Working with Tomcat 10

Tomcat Logo

This blog has been inspired since we're upgrading our existing Tomcat 8 servers to Tomcat 10.

First off, what's Tomcat anyway?

The following is the definition you'd find on the Tomcat site [1]:

The Apache Tomcat® software is an open source implementation of the Jakarta Servlet, Jakarta Pages, Jakarta Expression Language, Jakarta WebSocket, Jakarta Annotations and Jakarta Authentication specifications.
My face after reading the above definition

The problem with the above definition is that I don't understand what it actually is. Like most people I used to think that it's just a 'web server' BUT it's not quite a full-fledged web server like Apache HTTP Server (httpd) or Nginx.

It is primarily a 'servlet container' that executes Java Servlets and JavaServer Pages (JSP) with some web capabilities. It does NOT support features like reverse proxying, caching, or load balancing.

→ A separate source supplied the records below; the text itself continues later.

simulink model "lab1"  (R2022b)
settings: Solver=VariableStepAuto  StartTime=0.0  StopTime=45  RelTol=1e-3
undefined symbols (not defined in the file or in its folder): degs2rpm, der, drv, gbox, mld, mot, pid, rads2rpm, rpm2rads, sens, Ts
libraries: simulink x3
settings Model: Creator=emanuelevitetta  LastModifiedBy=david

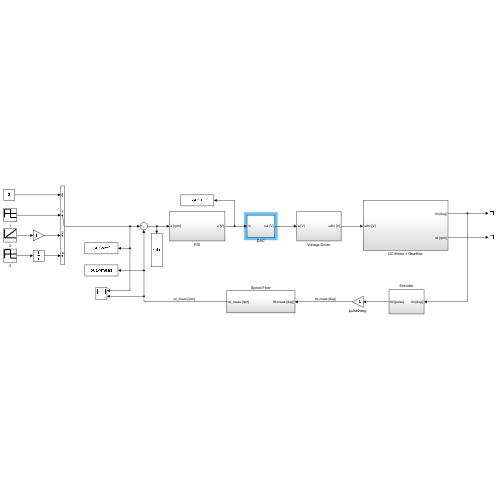
[thumbnail: Simulink's stored preview of the top-level diagram]
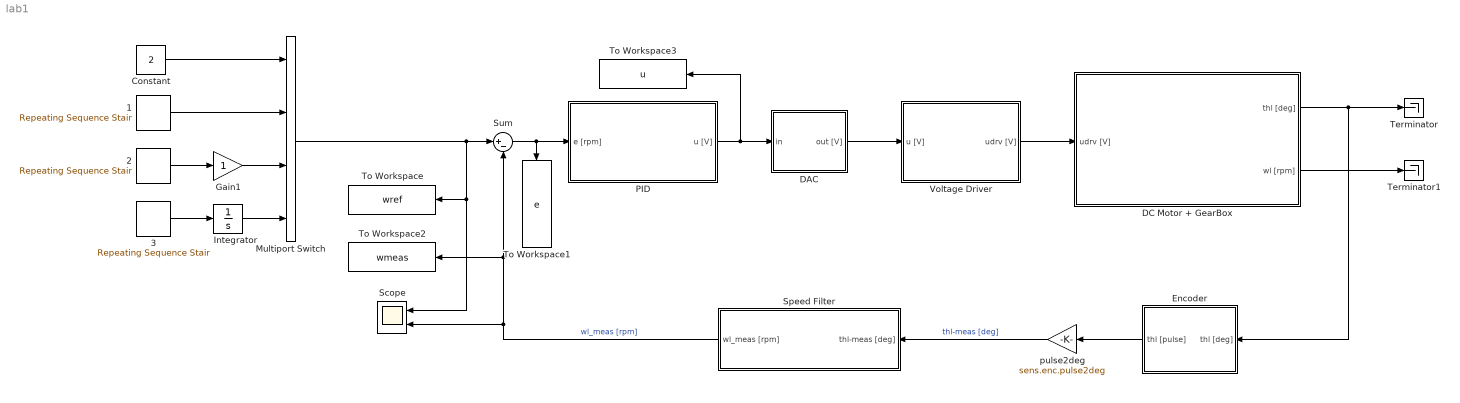
== system lab1 ==
  1 : simulink/Sources/Repeating Sequence Stair  OutValues=[250 -250].'  tsamp=1.5  OutMin=[]  OutMax=[]  OutDataTypeStr=double  OutputDataTypeScalingMode=double  OutDataType=fixdt(0,8)  ConRadixGroup=Best Precision: Vector-wise  OutScaling=2^-12
  2 : simulink/Sources/Repeating Sequence Stair  OutValues=[0 50 100 150 200 250 300 350 400 450 ].'  tsamp=5  OutMin=[]  OutMax=[]  OutDataTypeStr=double  OutputDataTypeScalingMode=double  OutDataType=fixdt(0,8)  ConRadixGroup=Best Precision: Vector-wise  OutScaling=2^-12
  3 : simulink/Sources/Repeating Sequence Stair  OutValues=[450 -450].'  tsamp=1  OutMin=[]  OutMax=[]  OutDataTypeStr=double  OutputDataTypeScalingMode=double  OutDataType=fixdt(0,8)  ConRadixGroup=Best Precision: Vector-wise  OutScaling=2^-12
  Constant : Constant  Value=2
  DAC : Subsystem
  DC Motor + GearBox : Subsystem
  Encoder : Subsystem
  Gain1 : Gain
  Integrator : Integrator
  Multiport Switch : MultiPortSwitch  SaturateOnIntegerOverflow=off  InputSameDT=off
  PID : Subsystem
  Scope : Scope  NumInputPorts=2
  Speed Filter : Subsystem
  Sum : Sum  Inputs=|+-
  Terminator : Terminator
  Terminator1 : Terminator
  To Workspace : ToWorkspace  VariableName=wref  SaveFormat=Timeseries  SampleTime=-1
  To Workspace1 : ToWorkspace  VariableName=e  SaveFormat=Timeseries  SampleTime=-1
  To Workspace2 : ToWorkspace  VariableName=wmeas  SaveFormat=Timeseries  SampleTime=-1
  To Workspace3 : ToWorkspace  VariableName=u  SaveFormat=Timeseries  SampleTime=-1
  Voltage Driver : Subsystem
  pulse2deg : Gain  Gain=sens.enc.pulse2deg
  wires:
  DC Motor + GearBox/1(thl [deg]) -> Encoder/1(thl [deg]), Terminator/1
  DC Motor + GearBox/2(wl [rpm]) -> Terminator1/1
  Voltage Driver/1(udrv [V]) -> DC Motor + GearBox/1(udrv [V])
  DAC/1(out [V]) -> Voltage Driver/1(u [V])
  PID/1(u [V]) -> To Workspace3/1, DAC/1(in)
  Encoder/1(thl [pulse]) -> pulse2deg/1
  Sum/1 -> To Workspace1/1, PID/1(e [rpm])
  pulse2deg/1 -> Speed Filter/1(thl-meas [deg])  "thl-meas [deg]"
  Speed Filter/1(wl_meas [rpm]) -> To Workspace2/1, Sum/2, Scope/2  "wl_meas [rpm]"
  Multiport Switch/1 -> Scope/1, To Workspace/1, Sum/1
  Gain1/1 -> Multiport Switch/3
  3/1 -> Integrator/1
  Constant/1 -> Multiport Switch/1
  1/1 -> Multiport Switch/2
  2/1 -> Gain1/1
  Integrator/1 -> Multiport Switch/4

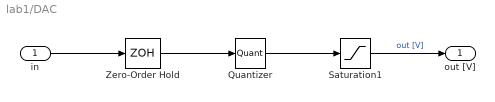
== system lab1/DAC ==
  in : Inport
  Quantizer : Quantizer  QuantizationInterval=daq.dac.q
  Saturation1 : Saturate  UpperLimit=10  LowerLimit=-10
  Zero-Order Hold : ZeroOrderHold  SampleTime=Ts
  out [V] : Outport
  wires:
  Saturation1/1 -> out [V]/1  "out [V]"
  in/1 -> Zero-Order Hold/1
  Zero-Order Hold/1 -> Quantizer/1
  Quantizer/1 -> Saturation1/1

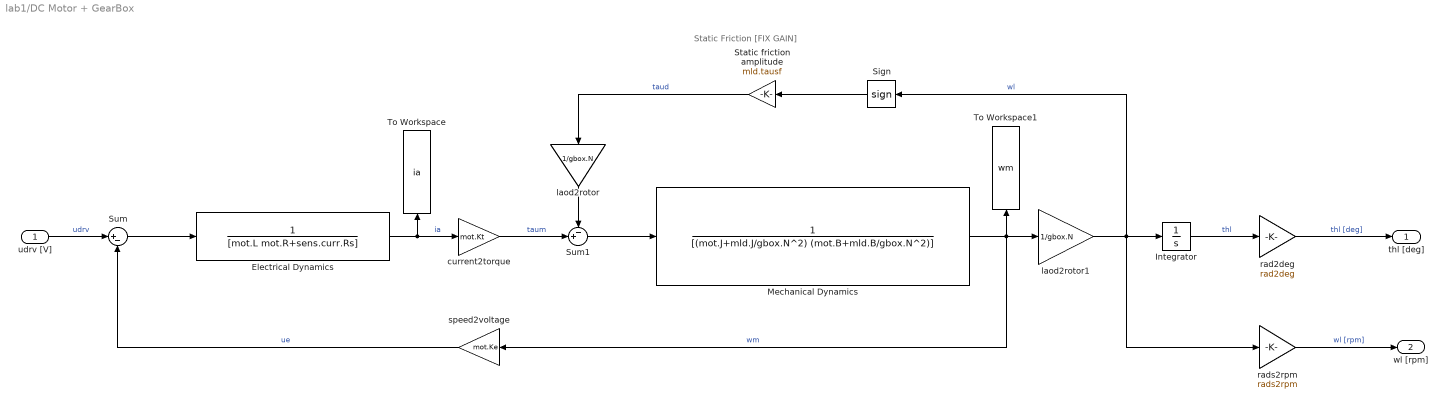
== system lab1/DC Motor + GearBox ==
  note: Static Friction [FIX GAIN]
  udrv [V] : Inport
  Electrical Dynamics : TransferFcn  Denominator=[mot.L mot.R+sens.curr.Rs]
  Integrator : Integrator
  Mechanical Dynamics : TransferFcn  Denominator=[(mot.J+mld.J/gbox.N^2) (mot.B+mld.B/gbox.N^2)]
  Sign : Signum  ZeroCross=off
  Static friction amplitude : Gain  Gain=mld.tausf
  Sum : Sum  Inputs=|+-
  Sum1 : Sum  Inputs=-+|
  To Workspace : ToWorkspace  VariableName=ia  SaveFormat=Timeseries  SampleTime=-1
  To Workspace1 : ToWorkspace  VariableName=wm  SaveFormat=Timeseries  SampleTime=-1
  current2torque : Gain  Gain=mot.Kt
  laod2rotor : Gain  Gain=1/gbox.N
  laod2rotor1 : Gain  Gain=1/gbox.N
  rad2deg : Gain  Gain=rad2deg
  rads2rpm : Gain  Gain=rads2rpm
  speed2voltage : Gain  Gain=mot.Ke
  thl [deg] : Outport
  wl [rpm] : Outport  Port=2
  wires:
  rads2rpm/1 -> wl [rpm]/1  "wl [rpm]"
  Sign/1 -> Static friction amplitude/1
  Electrical Dynamics/1 -> To Workspace/1, current2torque/1  "ia"
  Sum1/1 -> Mechanical Dynamics/1
  laod2rotor1/1 -> rads2rpm/1, Sign/1, Integrator/1  "wl"
  rad2deg/1 -> thl [deg]/1  "thl [deg]"
  laod2rotor/1 -> Sum1/1
  udrv [V]/1 -> Sum/1  "udrv"
  current2torque/1 -> Sum1/2  "taum"
  Static friction amplitude/1 -> laod2rotor/1  "taud"
  speed2voltage/1 -> Sum/2  "ue"
  Integrator/1 -> rad2deg/1  "thl"
  Sum/1 -> Electrical Dynamics/1
  Mechanical Dynamics/1 -> laod2rotor1/1, To Workspace1/1, speed2voltage/1  "wm"

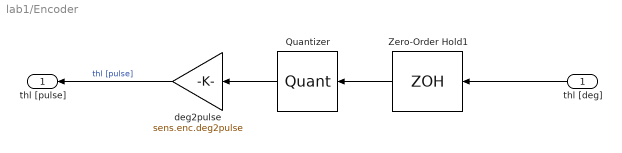
== system lab1/Encoder ==
  thl [deg] : Inport
  Quantizer : Quantizer  QuantizationInterval=sens.enc.pulse2deg
  Zero-Order Hold1 : ZeroOrderHold  SampleTime=Ts
  deg2pulse : Gain  Gain=sens.enc.deg2pulse
  thl [pulse] : Outport
  wires:
  thl [deg]/1 -> Zero-Order Hold1/1
  Zero-Order Hold1/1 -> Quantizer/1
  deg2pulse/1 -> thl [pulse]/1  "thl [pulse]"
  Quantizer/1 -> deg2pulse/1

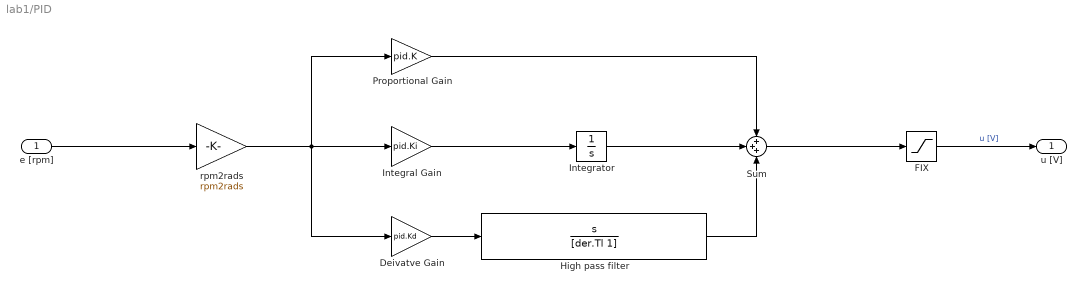
== system lab1/PID ==
  e [rpm] : Inport
  Deivatve Gain : Gain  Gain=pid.Kd
  "FIX " : Saturate  UpperLimit=10  LowerLimit=-10
  High pass filter : TransferFcn  Numerator=[1 0]  Denominator=[der.Tl 1]
  Integral Gain : Gain  Gain=pid.Ki
  Integrator : Integrator
  Proportional Gain : Gain  Gain=pid.K
  Sum : Sum  Inputs=+++
  rpm2rads : Gain  Gain=rpm2rads
  u [V] : Outport
  wires:
  Deivatve Gain/1 -> High pass filter/1
  e [rpm]/1 -> rpm2rads/1
  Integrator/1 -> Sum/2
  "FIX "/1 -> u [V]/1  "u [V]"
  rpm2rads/1 -> Deivatve Gain/1, Proportional Gain/1, Integral Gain/1
  High pass filter/1 -> Sum/3
  Integral Gain/1 -> Integrator/1
  Proportional Gain/1 -> Sum/1
  Sum/1 -> "FIX "/1

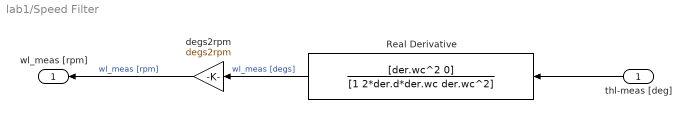
== system lab1/Speed Filter ==
  thl-meas [deg] : Inport
  Real Derivative : TransferFcn  Numerator=[der.wc^2 0]  Denominator=[1 2*der.d*der.wc der.wc^2]
  degs2rpm : Gain  Gain=degs2rpm
  wl_meas [rpm] : Outport
  wires:
  degs2rpm/1 -> wl_meas [rpm]/1  "wl_meas [rpm]"
  thl-meas [deg]/1 -> Real Derivative/1
  Real Derivative/1 -> degs2rpm/1  "wl_meas [degs]"

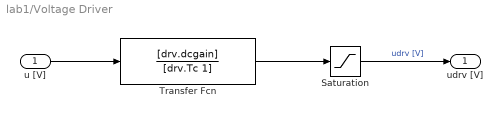
== system lab1/Voltage Driver ==
  u [V] : Inport
  Saturation : Saturate  UpperLimit=12  LowerLimit=-12
  Transfer Fcn : TransferFcn  Numerator=[drv.dcgain]  Denominator=[drv.Tc 1]
  udrv [V] : Outport
  wires:
  Saturation/1 -> udrv [V]/1  "udrv [V]"
  u [V]/1 -> Transfer Fcn/1
  Transfer Fcn/1 -> Saturation/1

A Java Servlet is a Java class that handles HTTP requests and generates responses dynamically. It runs inside a Servlet container (e.g., Apache Tomcat) and is part of the Jakarta Servlet API (formerly Java Servlet API).

JSP (JavaServer Pages) is a template-based technology that allows embedding Java code inside HTML to generate dynamic content. It’s easier for UI development compared to Servlets.

Servlets handle requests, process data, and forward results to JSP. JSP is used for rendering dynamic HTML with processed data.

JSP is still used in legacy Java web applications, but newer projects often prefer Spring Boot + Thymeleaf/React/Angular.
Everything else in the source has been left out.